What to produce - Each line of the data below between the one containing "note: 状态反馈极点配置的响应" and the one containing "Gain9/1 -> Add2/4", both included, is to be repeated exactly. Please omit pictures.

Entries taken from a collection

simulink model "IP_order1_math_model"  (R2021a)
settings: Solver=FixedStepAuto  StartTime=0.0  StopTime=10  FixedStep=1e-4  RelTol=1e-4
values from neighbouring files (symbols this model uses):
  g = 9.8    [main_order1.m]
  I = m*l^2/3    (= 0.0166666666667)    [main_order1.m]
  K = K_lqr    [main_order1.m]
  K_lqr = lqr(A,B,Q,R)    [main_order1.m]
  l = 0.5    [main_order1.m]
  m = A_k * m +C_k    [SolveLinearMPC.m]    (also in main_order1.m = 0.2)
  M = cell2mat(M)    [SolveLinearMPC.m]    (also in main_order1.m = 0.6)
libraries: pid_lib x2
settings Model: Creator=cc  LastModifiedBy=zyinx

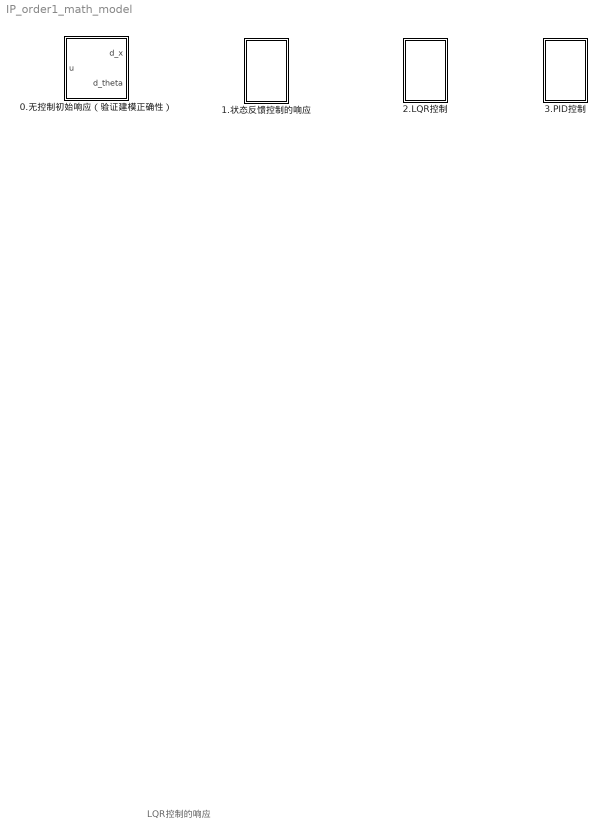
== system IP_order1_math_model ==
  note: LQR控制的响应
  0.无控制初始响应（验证建模正确性） : Subsystem
  1.状态反馈控制的响应 : Subsystem
  2.LQR控制 : Subsystem
  3.PID控制 : Subsystem

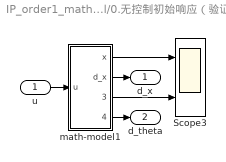
== system IP_order1_math_model/0.无控制初始响应（验证建模正确性） ==
  u : Inport
  Scope3 : Scope  NumInputPorts=2
  math-model1 : Subsystem  mask{theta_0=30/180*pi, x_0=0}
  d_x : Outport
  d_theta : Outport  Port=2
  wires:
  math-model1/2(d_x) -> d_x/1
  math-model1/1(x) -> Scope3/1
  math-model1/3(theta) -> Scope3/2
  math-model1/4(d_theta) -> d_theta/1
  u/1 -> math-model1/1(u)

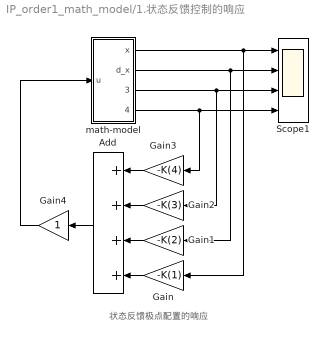
== system IP_order1_math_model/1.状态反馈控制的响应 ==
  note: 状态反馈极点配置的响应
  Add : Sum  Inputs=++++
  Gain : Gain  Gain=-K(1)
  Gain1 : Gain  Gain=-K(2)
  Gain2 : Gain  Gain=-K(3)
  Gain3 : Gain  Gain=-K(4)
  Gain4 : Gain
  Scope1 : Scope  NumInputPorts=4
  math-model : Subsystem  mask{theta_0=5/180*pi, x_0=0}
  wires:
  math-model/2(d_x) -> Gain1/1, Scope1/2
  math-model/3(theta) -> Scope1/3, Gain2/1
  math-model/1(x) -> Gain/1, Scope1/1
  Gain3/1 -> Add/1
  Gain2/1 -> Add/2
  Gain4/1 -> math-model/1(u)
  math-model/4(d_theta) -> Scope1/4, Gain3/1
  Gain/1 -> Add/4
  Gain1/1 -> Add/3
  Add/1 -> Gain4/1

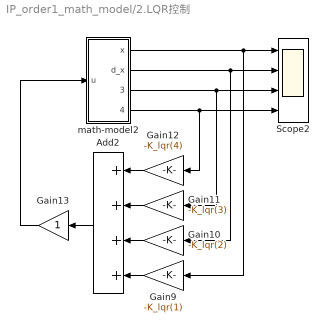
== system IP_order1_math_model/2.LQR控制 ==
  Add2 : Sum  Inputs=++++
  Gain10 : Gain  Gain=-K_lqr(2)
  Gain11 : Gain  Gain=-K_lqr(3)
  Gain12 : Gain  Gain=-K_lqr(4)
  Gain13 : Gain
  Gain9 : Gain  Gain=-K_lqr(1)
  Scope2 : Scope  NumInputPorts=4
  math-model2 : Subsystem  mask{theta_0=5/180*pi, x_0=0}
  wires:
  Gain13/1 -> math-model2/1(u)
  math-model2/2(d_x) -> Gain10/1, Scope2/2
  Gain9/1 -> Add2/4
  math-model2/3(theta) -> Scope2/3, Gain11/1
  math-model2/4(d_theta) -> Scope2/4, Gain12/1
  Add2/1 -> Gain13/1
  Gain11/1 -> Add2/2
  Gain12/1 -> Add2/1
  math-model2/1(x) -> Gain9/1, Scope2/1
  Gain10/1 -> Add2/3

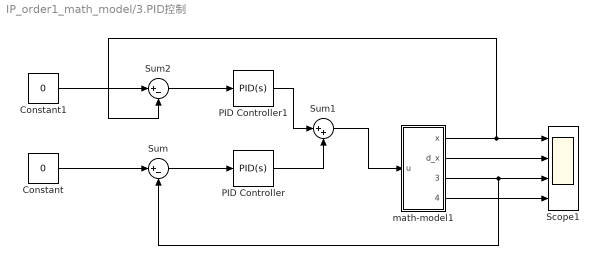
== system IP_order1_math_model/3.PID控制 ==
  Constant : Constant  Value=0
  Constant1 : Constant  Value=0
  PID Controller : pid_lib/PID Controller  Controller=PID  Form=Parallel  TimeDomain=Continuous-time  UseExternalTs=off  SampleTime=-1  IntegratorMethod=Forward Euler  FilterMethod=Forward Euler  ControllerParametersSource=internal  P=-71.4862227329796  I=-56.1535498501713  D=-22.3465648631761  UseFilter=on  N=91.5133935447898  TunerSelectOption=Transfer Function Based (PID Tuner App)  InitialConditionSource=internal  InitialConditionForIntegrator=0  InitialConditionForFilter=0  DifferentiatorICPrevScaledInput=0  ExternalReset=none  TrackingMode=off  Kt=1  LimitOutput=off  SatLimitsSource=internal  UpperSaturationLimit=inf  LowerSaturationLimit=-inf  LinearizeAsGain=on  AntiWindupMode=none  Kb=1  POutMin=[]  POutMax=[]  IOutMin=[]  IOutMax=[]  DOutMin=[]  DOutMax=[]  NOutMin=[]  NOutMax=[]  SumOutMin=[]  SumOutMax=[]  SaturationOutMin=[]  SaturationOutMax=[]  PParamMin=[]  PParamMax=[]  IParamMin=[]  IParamMax=[]  DParamMin=[]  DParamMax=[]  NParamMin=[]  NParamMax=[]  KbParamMin=[]  KbParamMax=[]  KtParamMin=[]  KtParamMax=[]  KbOutMin=[]  KbOutMax=[]  KtOutMin=[]  KtOutMax=[]  IntegratorOutMin=[]  IntegratorOutMax=[]  FilterOutMin=[]  FilterOutMax=[]  SumI1OutMin=[]  SumI1OutMax=[]  SumI2OutMin=[]  SumI2OutMax=[]  SumI3OutMin=[]  SumI3OutMax=[]  SumI4OutMin=[]  SumI4OutMax=[]  SumDOutMin=[]  SumDOutMax=[]  DifferentiatorOutMin=[]  DifferentiatorOutMax=[]  FilterDiffOutCoefMin=[]  FilterDiffOutCoefMax=[]  ReciprocalOutMin=[]  ReciprocalOutMax=[]  SumDenOutMin=[]  SumDenOutMax=[]  SumNumOutMin=[]  SumNumOutMax=[]  DivideOutMin=[]  DivideOutMax=[]  UdiffTsProdOutMin=[]  UdiffTsProdOutMax=[]  NTsProdOutMin=[]  NTsProdOutMax=[]  UintegralTsProdOutMin=[]  UintegralTsProdOutMax=[]  UngainTsProdOutMin=[]  UngainTsProdOutMax=[]  IntegratorContinuousStateAttributes=''  IntegratorStateMustResolveToSignalObject=off  IntegratorRTWStateStorageClass=Auto  FilterContinuousStateAttributes=''  FilterStateMustResolveToSignalObject=off  FilterRTWStateStorageClass=Auto  ParallelPVariant=InternalParameters  IdealPVariant=Disabled  IVariant=InternalParameters  DVariant=InternalParameters  IntegratorVariant=Continuous  SatVariant=Disabled  AWVariant=Passthrough  PCopyVariant=Disabled  TRVariant=Disabled  FdbkBlocksVariant=Forward  IdealPFdbkVariant=Disabled  SatFdbkVariant=Disabled  DerivativeFilterVariant=ContFilter  NVariant=InternalParameters  NCopyVariant=Disabled  FilterICVariant=InternalICsFilter  IntegratorICVariant=InternalICs  ExternalResetVariant=Disabled  TRSumVariant=Passthrough  SumFdbkVariant=Disabled  SumVariant=Sum_PID  TsampFilterVariant=InternalTs  TsampNgainVariant=Passthrough  TsampIntegralVariant=Passthrough  ExternalSaturationOutDataTypeStr=Inherit: Same as second input
  PID Controller1 : pid_lib/PID Controller  Controller=PID  Form=Parallel  TimeDomain=Continuous-time  UseExternalTs=off  SampleTime=-1  IntegratorMethod=Forward Euler  FilterMethod=Forward Euler  ControllerParametersSource=internal  P=-0.651476139628385  I=-0.0254147413614223  D=0.0268358303366138  UseFilter=on  N=24.2763548381633  TunerSelectOption=Transfer Function Based (PID Tuner App)  InitialConditionSource=internal  InitialConditionForIntegrator=0  InitialConditionForFilter=0  DifferentiatorICPrevScaledInput=0  ExternalReset=none  TrackingMode=off  Kt=1  LimitOutput=off  SatLimitsSource=internal  UpperSaturationLimit=inf  LowerSaturationLimit=-inf  LinearizeAsGain=on  AntiWindupMode=none  Kb=1  POutMin=[]  POutMax=[]  IOutMin=[]  IOutMax=[]  DOutMin=[]  DOutMax=[]  NOutMin=[]  NOutMax=[]  SumOutMin=[]  SumOutMax=[]  SaturationOutMin=[]  SaturationOutMax=[]  PParamMin=[]  PParamMax=[]  IParamMin=[]  IParamMax=[]  DParamMin=[]  DParamMax=[]  NParamMin=[]  NParamMax=[]  KbParamMin=[]  KbParamMax=[]  KtParamMin=[]  KtParamMax=[]  KbOutMin=[]  KbOutMax=[]  KtOutMin=[]  KtOutMax=[]  IntegratorOutMin=[]  IntegratorOutMax=[]  FilterOutMin=[]  FilterOutMax=[]  SumI1OutMin=[]  SumI1OutMax=[]  SumI2OutMin=[]  SumI2OutMax=[]  SumI3OutMin=[]  SumI3OutMax=[]  SumI4OutMin=[]  SumI4OutMax=[]  SumDOutMin=[]  SumDOutMax=[]  DifferentiatorOutMin=[]  DifferentiatorOutMax=[]  FilterDiffOutCoefMin=[]  FilterDiffOutCoefMax=[]  ReciprocalOutMin=[]  ReciprocalOutMax=[]  SumDenOutMin=[]  SumDenOutMax=[]  SumNumOutMin=[]  SumNumOutMax=[]  DivideOutMin=[]  DivideOutMax=[]  UdiffTsProdOutMin=[]  UdiffTsProdOutMax=[]  NTsProdOutMin=[]  NTsProdOutMax=[]  UintegralTsProdOutMin=[]  UintegralTsProdOutMax=[]  UngainTsProdOutMin=[]  UngainTsProdOutMax=[]  IntegratorContinuousStateAttributes=''  IntegratorStateMustResolveToSignalObject=off  IntegratorRTWStateStorageClass=Auto  FilterContinuousStateAttributes=''  FilterStateMustResolveToSignalObject=off  FilterRTWStateStorageClass=Auto  ParallelPVariant=InternalParameters  IdealPVariant=Disabled  IVariant=InternalParameters  DVariant=InternalParameters  IntegratorVariant=Continuous  SatVariant=Disabled  AWVariant=Passthrough  PCopyVariant=Disabled  TRVariant=Disabled  FdbkBlocksVariant=Forward  IdealPFdbkVariant=Disabled  SatFdbkVariant=Disabled  DerivativeFilterVariant=ContFilter  NVariant=InternalParameters  NCopyVariant=Disabled  FilterICVariant=InternalICsFilter  IntegratorICVariant=InternalICs  ExternalResetVariant=Disabled  TRSumVariant=Passthrough  SumFdbkVariant=Disabled  SumVariant=Sum_PID  TsampFilterVariant=InternalTs  TsampNgainVariant=Passthrough  TsampIntegralVariant=Passthrough  ExternalSaturationOutDataTypeStr=Inherit: Same as second input
  Scope1 : Scope  NumInputPorts=4
  Sum : Sum  Inputs=|+-
  Sum1 : Sum  Inputs=|++
  Sum2 : Sum  Inputs=|+-
  math-model1 : Subsystem  mask{theta_0=5/180*pi, x_0=0}
  wires:
  PID Controller/1 -> Sum1/2
  math-model1/2(d_x) -> Scope1/2
  math-model1/3(theta) -> Sum/2, Scope1/3
  math-model1/4(d_theta) -> Scope1/4
  Constant/1 -> Sum/1
  Sum/1 -> PID Controller/1
  PID Controller1/1 -> Sum1/1
  Sum1/1 -> math-model1/1(u)
  math-model1/1(x) -> Scope1/1, Sum2/2
  Sum2/1 -> PID Controller1/1
  Constant1/1 -> Sum2/1

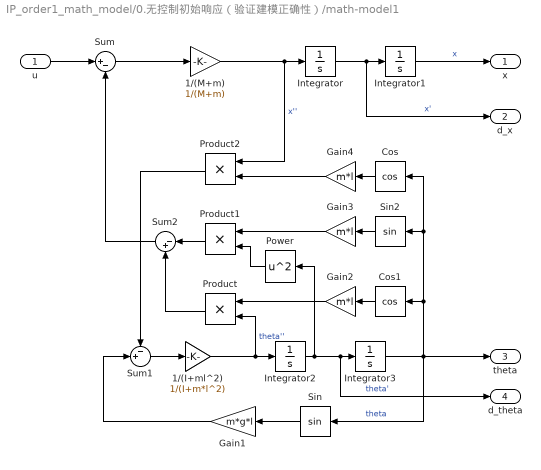
== system IP_order1_math_model/0.无控制初始响应（验证建模正确性）/math-model1 ==
  u : Inport
  1/(I+ml^2) : Gain  Gain=1/(I+m*l^2)
  1/(M+m) : Gain  Gain=1/(M+m)
  Cos : Trigonometry  Operator=cos
  Cos1 : Trigonometry  Operator=cos
  Gain1 : Gain  Gain=m*g*l
  Gain2 : Gain  Gain=m*l
  Gain3 : Gain  Gain=m*l
  Gain4 : Gain  Gain=m*l
  Integrator : Integrator
  Integrator1 : Integrator  InitialCondition=x_0
  Integrator2 : Integrator
  Integrator3 : Integrator  InitialCondition=theta_0
  Power : Math  Operator=square  SaturateOnIntegerOverflow=on
  Product : Product
  Product1 : Product
  Product2 : Product
  Sin : Trigonometry
  Sin2 : Trigonometry
  Sum : Sum  Inputs=|+-
  Sum1 : Sum  Inputs=-+|
  Sum2 : Sum  Inputs=|-+
  x : Outport  VectorParamsAs1DForOutWhenUnconnected=off
  d_x : Outport  Port=2  VectorParamsAs1DForOutWhenUnconnected=off
  theta : Outport  Port=3  VectorParamsAs1DForOutWhenUnconnected=off
  d_theta : Outport  Port=4  VectorParamsAs1DForOutWhenUnconnected=off
  wires:
  Sum/1 -> 1/(M+m)/1
  Product2/1 -> Sum1/1
  Cos1/1 -> Gain2/1
  Product1/1 -> Sum2/1
  1/(M+m)/1 -> Product2/1, Integrator/1  "x''"
  Sin/1 -> Gain1/1
  u/1 -> Sum/1
  Gain2/1 -> Product/1
  1/(I+ml^2)/1 -> Product/2, Integrator2/1  "theta''"
  Integrator3/1 -> theta/1, Cos/1, Sin2/1, Cos1/1, Sin/1  "theta"
  Integrator2/1 -> d_theta/1, Integrator3/1, Power/1  "theta'"
  Gain1/1 -> Sum1/2
  Integrator/1 -> d_x/1, Integrator1/1  "x'"
  Gain4/1 -> Product2/2
  Gain3/1 -> Product1/1
  Power/1 -> Product1/2
  Sum1/1 -> 1/(I+ml^2)/1
  Integrator1/1 -> x/1  "x"
  Sum2/1 -> Sum/2
  Product/1 -> Sum2/2
  Cos/1 -> Gain4/1
  Sin2/1 -> Gain3/1

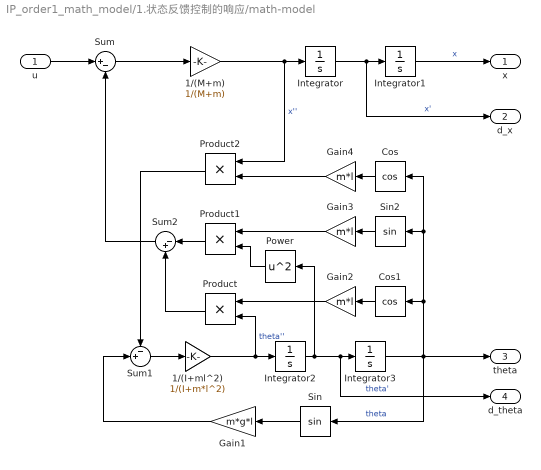
== system IP_order1_math_model/1.状态反馈控制的响应/math-model ==
  u : Inport
  1/(I+ml^2) : Gain  Gain=1/(I+m*l^2)
  1/(M+m) : Gain  Gain=1/(M+m)
  Cos : Trigonometry  Operator=cos
  Cos1 : Trigonometry  Operator=cos
  Gain1 : Gain  Gain=m*g*l
  Gain2 : Gain  Gain=m*l
  Gain3 : Gain  Gain=m*l
  Gain4 : Gain  Gain=m*l
  Integrator : Integrator
  Integrator1 : Integrator  InitialCondition=x_0
  Integrator2 : Integrator
  Integrator3 : Integrator  InitialCondition=theta_0
  Power : Math  Operator=square  SaturateOnIntegerOverflow=on
  Product : Product
  Product1 : Product
  Product2 : Product
  Sin : Trigonometry
  Sin2 : Trigonometry
  Sum : Sum  Inputs=|+-
  Sum1 : Sum  Inputs=-+|
  Sum2 : Sum  Inputs=|-+
  x : Outport  VectorParamsAs1DForOutWhenUnconnected=off
  d_x : Outport  Port=2  VectorParamsAs1DForOutWhenUnconnected=off
  theta : Outport  Port=3  VectorParamsAs1DForOutWhenUnconnected=off
  d_theta : Outport  Port=4  VectorParamsAs1DForOutWhenUnconnected=off
  wires:
  Sum/1 -> 1/(M+m)/1
  Product2/1 -> Sum1/1
  Cos1/1 -> Gain2/1
  Product1/1 -> Sum2/1
  1/(M+m)/1 -> Product2/1, Integrator/1  "x''"
  Sin/1 -> Gain1/1
  u/1 -> Sum/1
  Gain2/1 -> Product/1
  1/(I+ml^2)/1 -> Product/2, Integrator2/1  "theta''"
  Integrator3/1 -> theta/1, Cos/1, Sin2/1, Cos1/1, Sin/1  "theta"
  Integrator2/1 -> d_theta/1, Integrator3/1, Power/1  "theta'"
  Gain1/1 -> Sum1/2
  Integrator/1 -> d_x/1, Integrator1/1  "x'"
  Gain4/1 -> Product2/2
  Gain3/1 -> Product1/1
  Power/1 -> Product1/2
  Sum1/1 -> 1/(I+ml^2)/1
  Integrator1/1 -> x/1  "x"
  Sum2/1 -> Sum/2
  Product/1 -> Sum2/2
  Cos/1 -> Gain4/1
  Sin2/1 -> Gain3/1

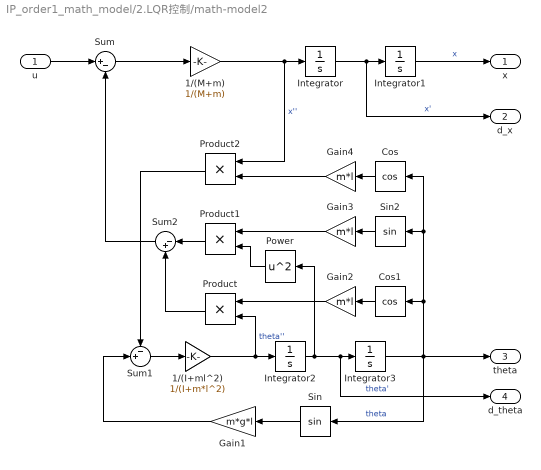
== system IP_order1_math_model/2.LQR控制/math-model2 ==
  u : Inport
  1/(I+ml^2) : Gain  Gain=1/(I+m*l^2)
  1/(M+m) : Gain  Gain=1/(M+m)
  Cos : Trigonometry  Operator=cos
  Cos1 : Trigonometry  Operator=cos
  Gain1 : Gain  Gain=m*g*l
  Gain2 : Gain  Gain=m*l
  Gain3 : Gain  Gain=m*l
  Gain4 : Gain  Gain=m*l
  Integrator : Integrator
  Integrator1 : Integrator  InitialCondition=x_0
  Integrator2 : Integrator
  Integrator3 : Integrator  InitialCondition=theta_0
  Power : Math  Operator=square  SaturateOnIntegerOverflow=on
  Product : Product
  Product1 : Product
  Product2 : Product
  Sin : Trigonometry
  Sin2 : Trigonometry
  Sum : Sum  Inputs=|+-
  Sum1 : Sum  Inputs=-+|
  Sum2 : Sum  Inputs=|-+
  x : Outport  VectorParamsAs1DForOutWhenUnconnected=off
  d_x : Outport  Port=2  VectorParamsAs1DForOutWhenUnconnected=off
  theta : Outport  Port=3  VectorParamsAs1DForOutWhenUnconnected=off
  d_theta : Outport  Port=4  VectorParamsAs1DForOutWhenUnconnected=off
  wires:
  Sum/1 -> 1/(M+m)/1
  Product2/1 -> Sum1/1
  Cos1/1 -> Gain2/1
  Product1/1 -> Sum2/1
  1/(M+m)/1 -> Product2/1, Integrator/1  "x''"
  Sin/1 -> Gain1/1
  u/1 -> Sum/1
  Gain2/1 -> Product/1
  1/(I+ml^2)/1 -> Product/2, Integrator2/1  "theta''"
  Integrator3/1 -> theta/1, Cos/1, Sin2/1, Cos1/1, Sin/1  "theta"
  Integrator2/1 -> d_theta/1, Integrator3/1, Power/1  "theta'"
  Gain1/1 -> Sum1/2
  Integrator/1 -> d_x/1, Integrator1/1  "x'"
  Gain4/1 -> Product2/2
  Gain3/1 -> Product1/1
  Power/1 -> Product1/2
  Sum1/1 -> 1/(I+ml^2)/1
  Integrator1/1 -> x/1  "x"
  Sum2/1 -> Sum/2
  Product/1 -> Sum2/2
  Cos/1 -> Gain4/1
  Sin2/1 -> Gain3/1

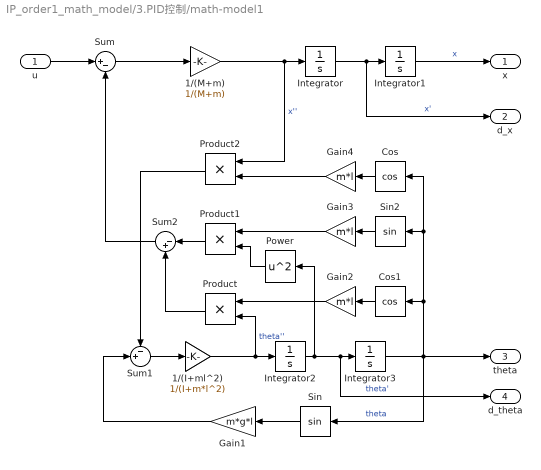
== system IP_order1_math_model/3.PID控制/math-model1 ==
  u : Inport
  1/(I+ml^2) : Gain  Gain=1/(I+m*l^2)
  1/(M+m) : Gain  Gain=1/(M+m)
  Cos : Trigonometry  Operator=cos
  Cos1 : Trigonometry  Operator=cos
  Gain1 : Gain  Gain=m*g*l
  Gain2 : Gain  Gain=m*l
  Gain3 : Gain  Gain=m*l
  Gain4 : Gain  Gain=m*l
  Integrator : Integrator
  Integrator1 : Integrator  InitialCondition=x_0
  Integrator2 : Integrator
  Integrator3 : Integrator  InitialCondition=theta_0
  Power : Math  Operator=square  SaturateOnIntegerOverflow=on
  Product : Product
  Product1 : Product
  Product2 : Product
  Sin : Trigonometry
  Sin2 : Trigonometry
  Sum : Sum  Inputs=|+-
  Sum1 : Sum  Inputs=-+|
  Sum2 : Sum  Inputs=|-+
  x : Outport  VectorParamsAs1DForOutWhenUnconnected=off
  d_x : Outport  Port=2  VectorParamsAs1DForOutWhenUnconnected=off
  theta : Outport  Port=3  VectorParamsAs1DForOutWhenUnconnected=off
  d_theta : Outport  Port=4  VectorParamsAs1DForOutWhenUnconnected=off
  wires:
  Sum/1 -> 1/(M+m)/1
  Product2/1 -> Sum1/1
  Cos1/1 -> Gain2/1
  Product1/1 -> Sum2/1
  1/(M+m)/1 -> Product2/1, Integrator/1  "x''"
  Sin/1 -> Gain1/1
  u/1 -> Sum/1
  Gain2/1 -> Product/1
  1/(I+ml^2)/1 -> Product/2, Integrator2/1  "theta''"
  Integrator3/1 -> theta/1, Cos/1, Sin2/1, Cos1/1, Sin/1  "theta"
  Integrator2/1 -> d_theta/1, Integrator3/1, Power/1  "theta'"
  Gain1/1 -> Sum1/2
  Integrator/1 -> d_x/1, Integrator1/1  "x'"
  Gain4/1 -> Product2/2
  Gain3/1 -> Product1/1
  Power/1 -> Product1/2
  Sum1/1 -> 1/(I+ml^2)/1
  Integrator1/1 -> x/1  "x"
  Sum2/1 -> Sum/2
  Product/1 -> Sum2/2
  Cos/1 -> Gain4/1
  Sin2/1 -> Gain3/1

Answer to the problem -
  note: 状态反馈极点配置的响应
  Add : Sum  Inputs=++++
  Gain : Gain  Gain=-K(1)
  Gain1 : Gain  Gain=-K(2)
  Gain2 : Gain  Gain=-K(3)
  Gain3 : Gain  Gain=-K(4)
  Gain4 : Gain
  Scope1 : Scope  NumInputPorts=4
  math-model : Subsystem  mask{theta_0=5/180*pi, x_0=0}
  wires:
  math-model/2(d_x) -> Gain1/1, Scope1/2
  math-model/3(theta) -> Scope1/3, Gain2/1
  math-model/1(x) -> Gain/1, Scope1/1
  Gain3/1 -> Add/1
  Gain2/1 -> Add/2
  Gain4/1 -> math-model/1(u)
  math-model/4(d_theta) -> Scope1/4, Gain3/1
  Gain/1 -> Add/4
  Gain1/1 -> Add/3
  Add/1 -> Gain4/1

== system IP_order1_math_model/2.LQR控制 ==
  Add2 : Sum  Inputs=++++
  Gain10 : Gain  Gain=-K_lqr(2)
  Gain11 : Gain  Gain=-K_lqr(3)
  Gain12 : Gain  Gain=-K_lqr(4)
  Gain13 : Gain
  Gain9 : Gain  Gain=-K_lqr(1)
  Scope2 : Scope  NumInputPorts=4
  math-model2 : Subsystem  mask{theta_0=5/180*pi, x_0=0}
  wires:
  Gain13/1 -> math-model2/1(u)
  math-model2/2(d_x) -> Gain10/1, Scope2/2
  Gain9/1 -> Add2/4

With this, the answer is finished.